Go to the RMD, R, PDF, or HTML version of this file. Go back to fan’s REconTools research support package, R4Econ examples page, PkgTestR packaging guide, or Stat4Econ course page.
# 5 by 3 matrix
mt_rnorm_a <- matrix(rnorm(4,mean=0,sd=1), nrow=5, ncol=3)
# Column Names
ar_st_varnames <- c('id','var1','varb','vartheta')
# Combine to tibble, add name col1, col2, etc.
tb_combine <- as_tibble(mt_rnorm_a) %>%
rowid_to_column(var = "id") %>%
rename_all(~c(ar_st_varnames))
# Display
kable(tb_combine) %>% kable_styling_fc()
id | var1 | varb | vartheta |
---|---|---|---|
1 | 0.6059296 | 0.0132510 | -0.2787887 |
2 | 0.0132510 | -0.2787887 | -0.1356745 |
3 | -0.2787887 | -0.1356745 | 0.6059296 |
4 | -0.1356745 | 0.6059296 | 0.0132510 |
5 | 0.6059296 | 0.0132510 | -0.2787887 |
First, we generate an empty matrix. Second, we compute values to fill in matrix cells.
# an NA matrix
it_nrow <- 5
it_ncol <- 3
mt_na <- matrix(NA, nrow=it_nrow, ncol=it_ncol)
# array of nrow values
ar_it_nrow <- seq(1, it_nrow)
ar_it_ncol <- seq(1, it_ncol)
# Generate values in matrix
for (it_row in ar_it_nrow) {
for (it_col in ar_it_ncol) {
print(glue::glue("row={it_row} and col={it_col}"))

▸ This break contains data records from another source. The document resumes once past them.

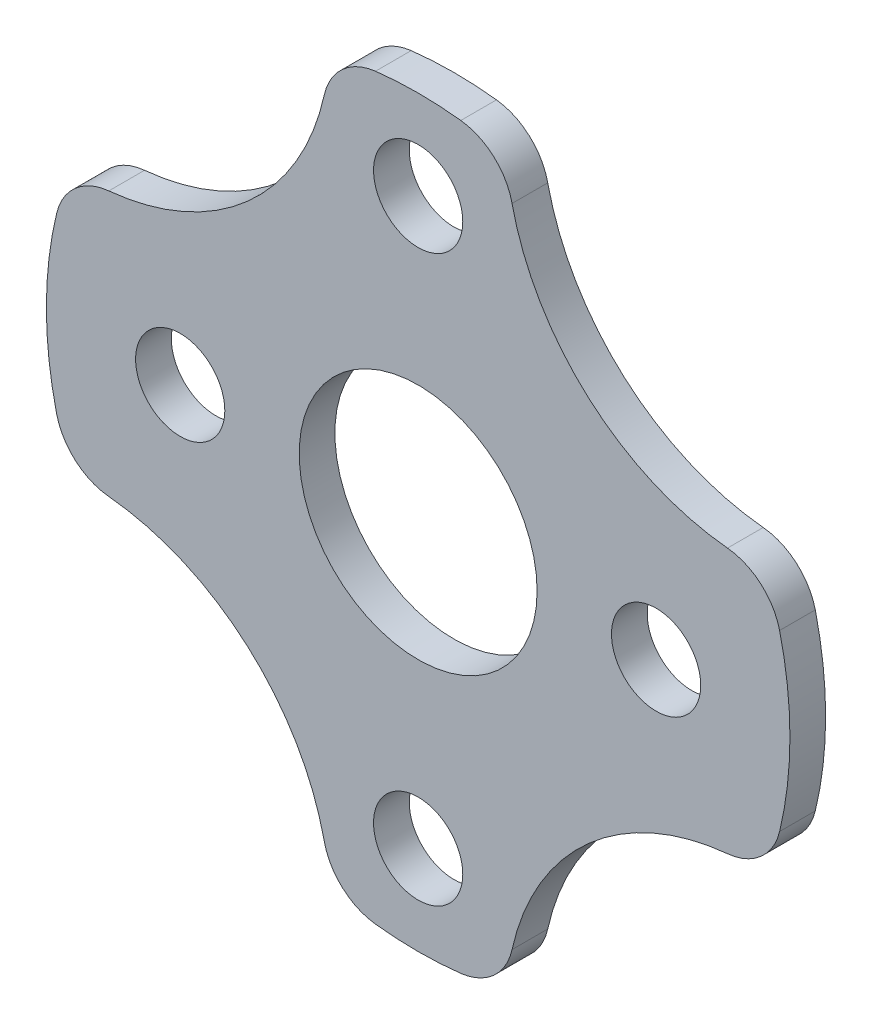
from build123d import *

# Parameters (mm, degrees)
CROQUIS1_R              = 12.5
CROQUIS1_R_2            = 1.5
CROQUIS1_R_3            = 4
SALIENTE_EXTRUIR1_DEPTH = 1.2
CORTAR_EXTRUIR1_DEPTH   = 10
REDONDEO1_R             = 2


with BuildPart() as part:
    # Croquis1 → Saliente-Extruir1 (new body)
    with BuildSketch(Plane.XY):
        with Locations((-62.749306062, 7.483862191)):
            Circle(CROQUIS1_R)
        with Locations((-70.749306062, 7.483862191)):
            Circle(CROQUIS1_R_2, mode=Mode.SUBTRACT)
        with Locations((-54.749306062, 7.483862191)):
            Circle(CROQUIS1_R_2, mode=Mode.SUBTRACT)
        with Locations((-62.749306062, 16.983862191)):
            Circle(CROQUIS1_R_2, mode=Mode.SUBTRACT)
        with Locations((-62.749306062, -2.016137809)):
            Circle(CROQUIS1_R_2, mode=Mode.SUBTRACT)
        with Locations((-62.749306062, 7.483862191)):
            Circle(CROQUIS1_R_3, mode=Mode.SUBTRACT)
    extrude(amount=SALIENTE_EXTRUIR1_DEPTH)

    # Croquis2 → Cortar-Extruir1 (cut)
    with BuildSketch(Plane(origin=(0, 0, 0), x_dir=(-1, 0, 0), z_dir=(0, 0, -1))):
        with BuildLine():
            ThreePointArc((74.439306062, 11.910361937), (71.035706773, 16.842578089), (65.727627737, 19.623862191))
            ThreePointArc((65.727627737, 19.623862191), (68.485948691, 13.962864407), (74.439306062, 11.910361937))
        make_face()
        with BuildLine():
            ThreePointArc((74.439306062, 3.057362445), (71.035706773, -1.874853707), (65.727627737, -4.656137809))
            ThreePointArc((65.727627737, -4.656137809), (68.485948691, 1.004859975), (74.439306062, 3.057362445))
        make_face()
        with BuildLine():
            ThreePointArc((51.059306062, 3.057362445), (54.462905352, -1.874853707), (59.770984387, -4.656137809))
            ThreePointArc((59.770984387, -4.656137809), (57.012663434, 1.004859975), (51.059306062, 3.057362445))
        make_face()
        with BuildLine():
            ThreePointArc((51.059306062, 11.910361937), (54.462905352, 16.842578089), (59.770984387, 19.623862191))
            ThreePointArc((59.770984387, 19.623862191), (57.012663434, 13.962864407), (51.059306062, 11.910361937))
        make_face()
    extrude(amount=-CORTAR_EXTRUIR1_DEPTH, mode=Mode.SUBTRACT)

    # Redondeo1
    redondeo1_edges = [part.edges().sort_by_distance(p)[0] for p in [
        (-59.770984387, 19.623862191, 0.6),
        (-51.059306062, 11.910361937, 0.6),
        (-74.439306062, 11.910361937, 0.6),
        (-65.727627737, 19.623862191, 0.6),
        (-65.727627737, -4.656137809, 0.6),
        (-74.439306062, 3.057362445, 0.6),
        (-51.059306062, 3.057362445, 0.6),
        (-59.770984387, -4.656137809, 0.6),
    ]]
    fillet(redondeo1_edges, radius=REDONDEO1_R)


solid = part.part

mt_na[it_row, it_col] = it_row*it_col + it_row + it_col
}
}
## row=1 and col=1
## row=1 and col=2
## row=1 and col=3
## row=2 and col=1
## row=2 and col=2
## row=2 and col=3
## row=3 and col=1
## row=3 and col=2
## row=3 and col=3
## row=4 and col=1
## row=4 and col=2
## row=4 and col=3
## row=5 and col=1
## row=5 and col=2
## row=5 and col=3
# Display
kable(mt_na) %>% kable_styling_fc()
3 | 5 | 7 |
5 | 8 | 11 |
7 | 11 | 15 |
9 | 14 | 19 |
11 | 17 | 23 |
Third, we label the rows and the columns. Note that we will include the column names as column names, but the row names will be included as a variable.
# Column Names
ar_st_col_names <- paste0('colval=', ar_it_ncol)
ar_st_row_names <- paste0('rowval=', ar_it_nrow)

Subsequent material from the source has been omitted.